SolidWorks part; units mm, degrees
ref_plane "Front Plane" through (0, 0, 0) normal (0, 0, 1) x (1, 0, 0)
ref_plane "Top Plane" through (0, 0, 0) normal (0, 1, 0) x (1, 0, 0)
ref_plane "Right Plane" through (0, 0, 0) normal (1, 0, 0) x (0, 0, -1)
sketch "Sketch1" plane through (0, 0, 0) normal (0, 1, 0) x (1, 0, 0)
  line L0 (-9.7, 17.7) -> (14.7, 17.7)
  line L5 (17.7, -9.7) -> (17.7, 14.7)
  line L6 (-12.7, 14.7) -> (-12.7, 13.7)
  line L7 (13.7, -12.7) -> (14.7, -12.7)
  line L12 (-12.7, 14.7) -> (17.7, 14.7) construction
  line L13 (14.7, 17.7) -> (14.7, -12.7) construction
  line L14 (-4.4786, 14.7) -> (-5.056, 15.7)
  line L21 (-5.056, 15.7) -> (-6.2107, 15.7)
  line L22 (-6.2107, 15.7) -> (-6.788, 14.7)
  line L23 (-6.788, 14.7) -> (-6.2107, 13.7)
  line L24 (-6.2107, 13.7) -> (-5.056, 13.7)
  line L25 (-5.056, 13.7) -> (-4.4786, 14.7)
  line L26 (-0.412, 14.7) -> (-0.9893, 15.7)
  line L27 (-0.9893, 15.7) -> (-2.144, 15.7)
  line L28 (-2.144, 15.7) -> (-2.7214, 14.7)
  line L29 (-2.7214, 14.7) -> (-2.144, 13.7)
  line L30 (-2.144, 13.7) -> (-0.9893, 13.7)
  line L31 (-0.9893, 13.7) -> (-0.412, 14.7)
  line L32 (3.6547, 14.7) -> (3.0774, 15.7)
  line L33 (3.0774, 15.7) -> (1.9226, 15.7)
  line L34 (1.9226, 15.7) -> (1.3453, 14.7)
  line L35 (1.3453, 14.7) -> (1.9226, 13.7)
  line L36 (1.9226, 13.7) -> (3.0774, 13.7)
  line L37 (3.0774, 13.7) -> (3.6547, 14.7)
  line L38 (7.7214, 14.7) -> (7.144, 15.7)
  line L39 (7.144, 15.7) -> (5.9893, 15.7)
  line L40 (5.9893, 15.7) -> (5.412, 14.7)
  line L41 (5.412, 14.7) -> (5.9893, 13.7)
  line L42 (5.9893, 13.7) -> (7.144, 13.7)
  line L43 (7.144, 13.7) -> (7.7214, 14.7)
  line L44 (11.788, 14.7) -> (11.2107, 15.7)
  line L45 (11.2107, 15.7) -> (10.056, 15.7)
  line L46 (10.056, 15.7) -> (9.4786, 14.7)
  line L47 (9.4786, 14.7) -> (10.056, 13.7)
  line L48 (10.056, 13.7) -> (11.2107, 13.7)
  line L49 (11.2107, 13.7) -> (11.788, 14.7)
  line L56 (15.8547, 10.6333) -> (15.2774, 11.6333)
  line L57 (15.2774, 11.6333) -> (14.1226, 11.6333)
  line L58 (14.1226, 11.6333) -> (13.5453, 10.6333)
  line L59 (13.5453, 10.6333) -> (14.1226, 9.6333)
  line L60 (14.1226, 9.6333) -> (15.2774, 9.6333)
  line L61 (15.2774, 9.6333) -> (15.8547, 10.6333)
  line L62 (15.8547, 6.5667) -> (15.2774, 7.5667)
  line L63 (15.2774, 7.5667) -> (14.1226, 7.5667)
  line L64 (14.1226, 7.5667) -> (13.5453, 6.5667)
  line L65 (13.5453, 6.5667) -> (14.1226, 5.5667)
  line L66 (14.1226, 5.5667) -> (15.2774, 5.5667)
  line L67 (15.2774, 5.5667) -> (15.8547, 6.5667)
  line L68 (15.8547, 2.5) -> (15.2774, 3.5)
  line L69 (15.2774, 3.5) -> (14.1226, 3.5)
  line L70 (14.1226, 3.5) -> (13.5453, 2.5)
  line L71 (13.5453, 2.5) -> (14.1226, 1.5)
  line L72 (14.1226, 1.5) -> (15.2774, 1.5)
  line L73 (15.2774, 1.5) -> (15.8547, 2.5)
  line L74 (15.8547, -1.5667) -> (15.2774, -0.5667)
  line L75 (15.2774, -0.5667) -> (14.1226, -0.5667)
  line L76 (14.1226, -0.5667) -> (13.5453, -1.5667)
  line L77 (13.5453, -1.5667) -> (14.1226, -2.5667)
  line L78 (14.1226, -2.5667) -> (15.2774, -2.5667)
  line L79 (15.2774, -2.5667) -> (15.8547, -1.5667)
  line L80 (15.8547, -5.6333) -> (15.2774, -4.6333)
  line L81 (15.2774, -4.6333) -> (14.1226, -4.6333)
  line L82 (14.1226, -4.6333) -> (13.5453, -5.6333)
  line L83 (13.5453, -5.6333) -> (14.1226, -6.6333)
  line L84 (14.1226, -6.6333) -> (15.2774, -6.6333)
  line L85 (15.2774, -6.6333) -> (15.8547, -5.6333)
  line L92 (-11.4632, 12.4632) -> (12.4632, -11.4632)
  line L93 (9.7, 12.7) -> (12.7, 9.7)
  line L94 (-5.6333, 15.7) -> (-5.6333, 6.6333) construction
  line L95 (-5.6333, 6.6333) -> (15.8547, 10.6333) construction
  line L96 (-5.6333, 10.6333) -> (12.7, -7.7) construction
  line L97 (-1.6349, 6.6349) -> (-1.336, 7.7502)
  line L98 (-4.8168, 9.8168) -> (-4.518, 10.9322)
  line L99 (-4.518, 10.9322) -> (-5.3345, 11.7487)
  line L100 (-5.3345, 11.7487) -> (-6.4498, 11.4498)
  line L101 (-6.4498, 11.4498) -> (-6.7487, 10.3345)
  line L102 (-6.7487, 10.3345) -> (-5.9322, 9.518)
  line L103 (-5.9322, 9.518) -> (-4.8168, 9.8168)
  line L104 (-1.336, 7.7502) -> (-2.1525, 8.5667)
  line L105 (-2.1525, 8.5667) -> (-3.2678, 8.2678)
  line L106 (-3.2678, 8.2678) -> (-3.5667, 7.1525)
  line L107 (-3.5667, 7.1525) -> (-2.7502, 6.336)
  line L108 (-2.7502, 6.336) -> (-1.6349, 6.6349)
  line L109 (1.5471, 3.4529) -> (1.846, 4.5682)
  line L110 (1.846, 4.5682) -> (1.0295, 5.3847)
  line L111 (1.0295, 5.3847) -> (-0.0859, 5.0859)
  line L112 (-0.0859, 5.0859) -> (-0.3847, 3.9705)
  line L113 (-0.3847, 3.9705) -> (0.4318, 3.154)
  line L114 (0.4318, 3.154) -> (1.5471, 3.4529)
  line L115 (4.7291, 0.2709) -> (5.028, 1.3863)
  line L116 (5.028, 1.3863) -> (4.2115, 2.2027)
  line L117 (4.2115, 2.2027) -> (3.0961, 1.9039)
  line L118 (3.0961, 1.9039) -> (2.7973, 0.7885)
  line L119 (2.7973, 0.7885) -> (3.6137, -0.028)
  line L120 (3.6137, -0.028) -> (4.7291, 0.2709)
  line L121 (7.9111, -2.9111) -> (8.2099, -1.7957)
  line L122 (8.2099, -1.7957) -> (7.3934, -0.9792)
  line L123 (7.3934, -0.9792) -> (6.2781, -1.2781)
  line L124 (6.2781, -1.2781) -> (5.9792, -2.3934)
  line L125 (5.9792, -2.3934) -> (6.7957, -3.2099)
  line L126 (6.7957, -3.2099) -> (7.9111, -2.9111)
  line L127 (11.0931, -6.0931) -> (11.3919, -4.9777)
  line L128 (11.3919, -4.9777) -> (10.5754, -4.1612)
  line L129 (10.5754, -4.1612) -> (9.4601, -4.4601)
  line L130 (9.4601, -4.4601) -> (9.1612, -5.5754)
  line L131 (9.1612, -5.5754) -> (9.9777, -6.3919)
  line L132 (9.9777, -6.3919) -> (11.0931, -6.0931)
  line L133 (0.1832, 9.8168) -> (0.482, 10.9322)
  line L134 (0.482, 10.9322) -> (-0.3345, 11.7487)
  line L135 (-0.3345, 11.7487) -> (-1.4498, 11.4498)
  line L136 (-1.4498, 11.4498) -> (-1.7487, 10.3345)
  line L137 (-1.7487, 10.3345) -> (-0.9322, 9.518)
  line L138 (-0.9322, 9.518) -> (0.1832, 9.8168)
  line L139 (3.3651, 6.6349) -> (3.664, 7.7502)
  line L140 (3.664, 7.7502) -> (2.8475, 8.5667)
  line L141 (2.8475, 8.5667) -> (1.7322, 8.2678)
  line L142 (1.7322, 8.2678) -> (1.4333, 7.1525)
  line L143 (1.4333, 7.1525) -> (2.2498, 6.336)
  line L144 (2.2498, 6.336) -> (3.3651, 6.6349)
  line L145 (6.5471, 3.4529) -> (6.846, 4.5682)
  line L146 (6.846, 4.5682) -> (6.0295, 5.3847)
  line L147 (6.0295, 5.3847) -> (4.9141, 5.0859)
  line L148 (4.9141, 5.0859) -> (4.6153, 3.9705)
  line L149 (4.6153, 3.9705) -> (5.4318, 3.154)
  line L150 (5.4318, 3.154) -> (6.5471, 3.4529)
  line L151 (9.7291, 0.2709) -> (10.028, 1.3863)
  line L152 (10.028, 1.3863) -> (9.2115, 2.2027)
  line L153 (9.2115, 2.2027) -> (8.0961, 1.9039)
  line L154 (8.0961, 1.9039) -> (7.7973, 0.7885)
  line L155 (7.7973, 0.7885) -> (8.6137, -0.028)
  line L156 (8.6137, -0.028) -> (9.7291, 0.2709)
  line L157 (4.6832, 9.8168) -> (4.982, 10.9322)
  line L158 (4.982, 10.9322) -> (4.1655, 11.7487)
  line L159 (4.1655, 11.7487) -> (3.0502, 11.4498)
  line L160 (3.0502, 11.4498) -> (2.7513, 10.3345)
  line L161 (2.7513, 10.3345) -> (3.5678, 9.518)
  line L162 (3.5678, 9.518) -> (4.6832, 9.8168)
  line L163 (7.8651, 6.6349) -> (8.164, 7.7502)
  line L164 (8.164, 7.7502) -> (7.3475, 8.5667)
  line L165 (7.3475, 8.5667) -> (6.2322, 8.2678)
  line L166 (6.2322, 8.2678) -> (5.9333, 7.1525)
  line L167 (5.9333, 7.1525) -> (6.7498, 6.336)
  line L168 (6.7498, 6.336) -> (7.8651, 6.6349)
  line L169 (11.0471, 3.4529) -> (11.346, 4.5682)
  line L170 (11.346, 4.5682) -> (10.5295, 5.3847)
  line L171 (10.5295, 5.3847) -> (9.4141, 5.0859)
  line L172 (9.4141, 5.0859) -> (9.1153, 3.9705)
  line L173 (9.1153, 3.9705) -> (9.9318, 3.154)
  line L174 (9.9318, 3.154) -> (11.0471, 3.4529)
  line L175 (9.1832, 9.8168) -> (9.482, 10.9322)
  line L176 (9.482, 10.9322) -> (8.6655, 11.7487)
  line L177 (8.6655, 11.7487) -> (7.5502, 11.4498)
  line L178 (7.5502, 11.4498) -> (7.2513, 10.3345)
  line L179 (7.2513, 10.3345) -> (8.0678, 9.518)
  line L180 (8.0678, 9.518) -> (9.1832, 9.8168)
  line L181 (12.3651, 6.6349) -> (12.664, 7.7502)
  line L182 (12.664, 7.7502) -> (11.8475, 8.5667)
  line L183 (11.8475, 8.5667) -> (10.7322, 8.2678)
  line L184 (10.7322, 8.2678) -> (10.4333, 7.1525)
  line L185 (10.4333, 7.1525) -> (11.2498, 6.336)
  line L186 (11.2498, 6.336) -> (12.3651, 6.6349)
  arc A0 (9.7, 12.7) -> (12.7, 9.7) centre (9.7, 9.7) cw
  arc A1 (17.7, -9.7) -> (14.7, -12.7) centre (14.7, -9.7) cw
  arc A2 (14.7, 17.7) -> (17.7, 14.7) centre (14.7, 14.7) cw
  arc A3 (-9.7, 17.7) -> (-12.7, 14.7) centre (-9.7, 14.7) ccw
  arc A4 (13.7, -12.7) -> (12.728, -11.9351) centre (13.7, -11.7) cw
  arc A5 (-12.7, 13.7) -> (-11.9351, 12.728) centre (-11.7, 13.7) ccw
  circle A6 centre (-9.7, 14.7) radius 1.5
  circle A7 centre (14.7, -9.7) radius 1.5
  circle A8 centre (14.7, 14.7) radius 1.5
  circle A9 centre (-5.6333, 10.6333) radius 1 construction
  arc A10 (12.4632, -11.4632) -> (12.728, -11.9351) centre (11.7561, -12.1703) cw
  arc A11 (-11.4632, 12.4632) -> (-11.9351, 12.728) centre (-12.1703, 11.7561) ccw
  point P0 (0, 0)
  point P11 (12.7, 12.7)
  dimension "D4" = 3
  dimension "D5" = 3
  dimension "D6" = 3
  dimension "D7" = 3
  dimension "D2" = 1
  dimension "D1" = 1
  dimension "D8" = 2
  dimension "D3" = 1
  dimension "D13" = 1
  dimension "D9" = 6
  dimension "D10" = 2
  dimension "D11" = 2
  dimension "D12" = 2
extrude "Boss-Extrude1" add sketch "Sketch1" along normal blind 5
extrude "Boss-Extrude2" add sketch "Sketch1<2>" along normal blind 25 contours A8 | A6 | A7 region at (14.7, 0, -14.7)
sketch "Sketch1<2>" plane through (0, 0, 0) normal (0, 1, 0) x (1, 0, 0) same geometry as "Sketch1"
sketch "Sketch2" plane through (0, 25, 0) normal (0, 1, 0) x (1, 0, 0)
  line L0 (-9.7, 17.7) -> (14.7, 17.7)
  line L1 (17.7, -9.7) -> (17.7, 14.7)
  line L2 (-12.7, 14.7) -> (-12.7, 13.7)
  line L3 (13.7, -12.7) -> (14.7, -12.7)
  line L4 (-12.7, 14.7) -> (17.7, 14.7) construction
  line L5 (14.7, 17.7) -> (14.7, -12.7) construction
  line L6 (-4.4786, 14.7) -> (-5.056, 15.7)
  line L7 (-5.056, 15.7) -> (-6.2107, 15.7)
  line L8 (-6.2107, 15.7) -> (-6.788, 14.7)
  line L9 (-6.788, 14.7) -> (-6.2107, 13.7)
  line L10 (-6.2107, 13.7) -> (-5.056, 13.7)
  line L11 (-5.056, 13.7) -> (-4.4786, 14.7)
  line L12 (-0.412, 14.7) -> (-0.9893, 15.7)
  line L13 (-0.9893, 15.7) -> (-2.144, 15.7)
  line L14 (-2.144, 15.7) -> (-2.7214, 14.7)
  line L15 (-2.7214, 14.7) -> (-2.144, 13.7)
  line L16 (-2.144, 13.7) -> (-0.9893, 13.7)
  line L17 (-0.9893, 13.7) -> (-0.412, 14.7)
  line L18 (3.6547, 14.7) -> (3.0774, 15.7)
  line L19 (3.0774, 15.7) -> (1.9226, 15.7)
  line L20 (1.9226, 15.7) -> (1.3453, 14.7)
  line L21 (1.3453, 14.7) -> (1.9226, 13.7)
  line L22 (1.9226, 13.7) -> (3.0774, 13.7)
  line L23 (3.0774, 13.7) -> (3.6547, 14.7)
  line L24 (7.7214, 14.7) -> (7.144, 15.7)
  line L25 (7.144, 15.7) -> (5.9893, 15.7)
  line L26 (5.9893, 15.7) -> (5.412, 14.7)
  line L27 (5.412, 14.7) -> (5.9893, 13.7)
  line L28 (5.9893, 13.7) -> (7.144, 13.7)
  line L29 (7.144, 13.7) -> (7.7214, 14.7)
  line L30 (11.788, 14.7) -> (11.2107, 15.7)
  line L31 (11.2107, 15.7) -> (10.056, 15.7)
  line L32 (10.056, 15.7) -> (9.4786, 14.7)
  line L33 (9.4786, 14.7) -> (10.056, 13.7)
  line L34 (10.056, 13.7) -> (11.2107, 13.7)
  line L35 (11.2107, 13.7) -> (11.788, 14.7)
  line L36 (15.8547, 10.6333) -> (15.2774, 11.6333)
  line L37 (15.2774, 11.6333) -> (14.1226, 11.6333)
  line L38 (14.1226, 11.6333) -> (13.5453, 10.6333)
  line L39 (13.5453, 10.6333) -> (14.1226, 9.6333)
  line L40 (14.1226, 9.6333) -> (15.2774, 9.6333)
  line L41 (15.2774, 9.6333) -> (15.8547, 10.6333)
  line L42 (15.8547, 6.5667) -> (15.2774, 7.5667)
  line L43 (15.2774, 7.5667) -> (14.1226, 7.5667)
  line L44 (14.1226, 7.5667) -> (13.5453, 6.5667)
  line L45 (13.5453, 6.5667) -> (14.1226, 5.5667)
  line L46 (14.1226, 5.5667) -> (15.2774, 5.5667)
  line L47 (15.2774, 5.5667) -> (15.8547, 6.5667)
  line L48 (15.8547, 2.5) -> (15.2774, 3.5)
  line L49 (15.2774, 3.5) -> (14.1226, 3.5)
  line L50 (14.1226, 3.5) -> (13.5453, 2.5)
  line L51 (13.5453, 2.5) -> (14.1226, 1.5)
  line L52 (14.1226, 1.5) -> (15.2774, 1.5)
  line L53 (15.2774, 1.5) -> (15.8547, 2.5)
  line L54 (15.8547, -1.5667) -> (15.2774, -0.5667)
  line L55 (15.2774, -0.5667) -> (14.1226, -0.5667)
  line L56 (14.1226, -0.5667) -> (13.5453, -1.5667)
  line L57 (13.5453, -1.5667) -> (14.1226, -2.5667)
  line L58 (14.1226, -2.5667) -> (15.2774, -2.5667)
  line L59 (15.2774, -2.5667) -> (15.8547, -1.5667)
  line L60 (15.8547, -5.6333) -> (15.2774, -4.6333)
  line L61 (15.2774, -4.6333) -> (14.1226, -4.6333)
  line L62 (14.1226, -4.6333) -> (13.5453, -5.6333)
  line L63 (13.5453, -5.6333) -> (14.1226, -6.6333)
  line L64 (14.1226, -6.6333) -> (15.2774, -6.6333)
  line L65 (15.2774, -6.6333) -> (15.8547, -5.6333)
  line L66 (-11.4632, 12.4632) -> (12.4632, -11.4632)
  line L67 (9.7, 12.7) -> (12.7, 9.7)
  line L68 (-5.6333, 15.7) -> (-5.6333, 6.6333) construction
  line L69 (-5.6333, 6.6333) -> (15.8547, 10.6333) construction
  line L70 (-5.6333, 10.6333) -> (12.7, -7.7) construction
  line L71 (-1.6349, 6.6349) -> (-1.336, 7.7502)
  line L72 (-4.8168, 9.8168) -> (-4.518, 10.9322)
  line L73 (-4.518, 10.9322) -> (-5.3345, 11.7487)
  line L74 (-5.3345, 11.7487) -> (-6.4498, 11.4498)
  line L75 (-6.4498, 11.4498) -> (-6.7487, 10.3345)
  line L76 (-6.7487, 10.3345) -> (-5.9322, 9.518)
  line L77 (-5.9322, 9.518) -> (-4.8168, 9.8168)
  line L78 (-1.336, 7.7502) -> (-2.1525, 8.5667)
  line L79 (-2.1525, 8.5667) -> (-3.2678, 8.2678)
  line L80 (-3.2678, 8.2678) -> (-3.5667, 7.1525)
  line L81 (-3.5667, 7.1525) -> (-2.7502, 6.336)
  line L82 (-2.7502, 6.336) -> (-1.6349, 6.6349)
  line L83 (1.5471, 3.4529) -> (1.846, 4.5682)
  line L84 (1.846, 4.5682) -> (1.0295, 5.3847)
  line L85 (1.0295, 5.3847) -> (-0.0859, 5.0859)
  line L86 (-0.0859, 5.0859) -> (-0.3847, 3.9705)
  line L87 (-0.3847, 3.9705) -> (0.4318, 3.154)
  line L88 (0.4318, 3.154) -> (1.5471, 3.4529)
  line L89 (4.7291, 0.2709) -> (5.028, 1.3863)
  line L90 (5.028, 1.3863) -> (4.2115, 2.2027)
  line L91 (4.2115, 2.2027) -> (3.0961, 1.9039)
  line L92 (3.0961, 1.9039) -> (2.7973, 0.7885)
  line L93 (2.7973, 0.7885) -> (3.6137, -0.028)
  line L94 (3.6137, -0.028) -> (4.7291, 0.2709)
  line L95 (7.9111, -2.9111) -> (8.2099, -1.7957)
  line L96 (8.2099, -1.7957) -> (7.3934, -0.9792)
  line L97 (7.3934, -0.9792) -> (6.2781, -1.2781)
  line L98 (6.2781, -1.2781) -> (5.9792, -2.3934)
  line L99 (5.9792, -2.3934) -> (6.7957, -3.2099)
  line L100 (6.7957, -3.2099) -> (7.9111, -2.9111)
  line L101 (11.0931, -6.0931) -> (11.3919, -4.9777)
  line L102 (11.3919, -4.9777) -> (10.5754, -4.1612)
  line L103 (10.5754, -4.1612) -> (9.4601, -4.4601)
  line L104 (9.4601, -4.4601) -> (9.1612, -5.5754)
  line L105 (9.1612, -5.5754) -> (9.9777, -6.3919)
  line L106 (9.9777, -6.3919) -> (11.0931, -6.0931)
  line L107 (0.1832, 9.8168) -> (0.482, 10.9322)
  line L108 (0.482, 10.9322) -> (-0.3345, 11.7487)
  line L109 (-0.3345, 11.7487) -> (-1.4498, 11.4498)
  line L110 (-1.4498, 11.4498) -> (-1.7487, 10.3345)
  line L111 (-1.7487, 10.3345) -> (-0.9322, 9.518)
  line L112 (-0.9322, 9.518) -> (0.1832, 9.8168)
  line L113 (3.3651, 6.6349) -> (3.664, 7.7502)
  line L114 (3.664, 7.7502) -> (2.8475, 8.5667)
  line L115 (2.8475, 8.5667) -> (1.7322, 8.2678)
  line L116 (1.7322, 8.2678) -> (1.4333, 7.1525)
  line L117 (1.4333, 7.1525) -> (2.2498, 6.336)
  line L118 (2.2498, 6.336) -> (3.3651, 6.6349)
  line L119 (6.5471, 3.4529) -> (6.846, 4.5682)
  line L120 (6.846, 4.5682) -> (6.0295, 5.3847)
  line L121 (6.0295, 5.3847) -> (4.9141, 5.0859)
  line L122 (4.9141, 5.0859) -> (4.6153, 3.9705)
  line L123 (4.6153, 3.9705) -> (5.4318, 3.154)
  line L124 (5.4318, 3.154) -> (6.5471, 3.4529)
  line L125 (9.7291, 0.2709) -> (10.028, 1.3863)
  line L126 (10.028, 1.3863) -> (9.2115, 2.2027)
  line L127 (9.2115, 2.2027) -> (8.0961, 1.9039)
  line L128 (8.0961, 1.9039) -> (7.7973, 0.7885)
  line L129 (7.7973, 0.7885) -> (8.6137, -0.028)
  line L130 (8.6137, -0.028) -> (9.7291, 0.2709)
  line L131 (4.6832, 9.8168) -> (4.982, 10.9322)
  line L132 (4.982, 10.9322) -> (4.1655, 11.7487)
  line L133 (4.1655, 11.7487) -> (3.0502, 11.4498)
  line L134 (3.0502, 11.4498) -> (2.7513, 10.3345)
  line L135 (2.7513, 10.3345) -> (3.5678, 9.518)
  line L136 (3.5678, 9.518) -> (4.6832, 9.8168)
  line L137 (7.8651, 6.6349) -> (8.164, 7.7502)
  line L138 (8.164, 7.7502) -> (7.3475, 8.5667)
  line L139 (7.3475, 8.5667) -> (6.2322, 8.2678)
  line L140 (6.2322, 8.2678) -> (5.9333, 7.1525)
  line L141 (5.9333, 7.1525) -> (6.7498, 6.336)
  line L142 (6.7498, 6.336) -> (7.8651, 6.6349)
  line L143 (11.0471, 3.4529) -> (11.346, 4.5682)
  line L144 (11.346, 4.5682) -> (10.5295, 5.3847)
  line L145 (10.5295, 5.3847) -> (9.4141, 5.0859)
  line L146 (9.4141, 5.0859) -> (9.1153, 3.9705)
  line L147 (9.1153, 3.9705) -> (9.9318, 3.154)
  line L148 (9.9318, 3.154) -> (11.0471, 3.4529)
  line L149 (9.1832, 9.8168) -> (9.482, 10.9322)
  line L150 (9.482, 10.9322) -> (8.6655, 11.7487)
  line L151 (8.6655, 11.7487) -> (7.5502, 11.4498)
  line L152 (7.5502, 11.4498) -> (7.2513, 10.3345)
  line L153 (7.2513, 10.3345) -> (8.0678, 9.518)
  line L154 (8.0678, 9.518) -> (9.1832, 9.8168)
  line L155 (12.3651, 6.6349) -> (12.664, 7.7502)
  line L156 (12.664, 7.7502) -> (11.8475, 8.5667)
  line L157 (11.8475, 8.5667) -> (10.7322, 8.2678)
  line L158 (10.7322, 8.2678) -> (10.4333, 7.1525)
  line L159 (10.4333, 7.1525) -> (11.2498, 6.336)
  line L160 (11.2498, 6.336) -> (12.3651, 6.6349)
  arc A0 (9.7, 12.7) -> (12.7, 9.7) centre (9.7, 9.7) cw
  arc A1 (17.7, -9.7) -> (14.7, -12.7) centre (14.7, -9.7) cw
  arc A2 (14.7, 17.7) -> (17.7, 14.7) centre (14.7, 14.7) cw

+-------+

__Work to be completed__
Transcribe each line of the data above, unaltered, from the one where "line L74 (15.8547, -1.5667)" appears to the one where "line L95 (-5.6333, 6.6333)" appears, inclusive of both.

__Answer to this exercise__
  line L74 (15.8547, -1.5667) -> (15.2774, -0.5667)
  line L75 (15.2774, -0.5667) -> (14.1226, -0.5667)
  line L76 (14.1226, -0.5667) -> (13.5453, -1.5667)
  line L77 (13.5453, -1.5667) -> (14.1226, -2.5667)
  line L78 (14.1226, -2.5667) -> (15.2774, -2.5667)
  line L79 (15.2774, -2.5667) -> (15.8547, -1.5667)
  line L80 (15.8547, -5.6333) -> (15.2774, -4.6333)
  line L81 (15.2774, -4.6333) -> (14.1226, -4.6333)
  line L82 (14.1226, -4.6333) -> (13.5453, -5.6333)
  line L83 (13.5453, -5.6333) -> (14.1226, -6.6333)
  line L84 (14.1226, -6.6333) -> (15.2774, -6.6333)
  line L85 (15.2774, -6.6333) -> (15.8547, -5.6333)
  line L92 (-11.4632, 12.4632) -> (12.4632, -11.4632)
  line L93 (9.7, 12.7) -> (12.7, 9.7)
  line L94 (-5.6333, 15.7) -> (-5.6333, 6.6333) construction
  line L95 (-5.6333, 6.6333) -> (15.8547, 10.6333) construction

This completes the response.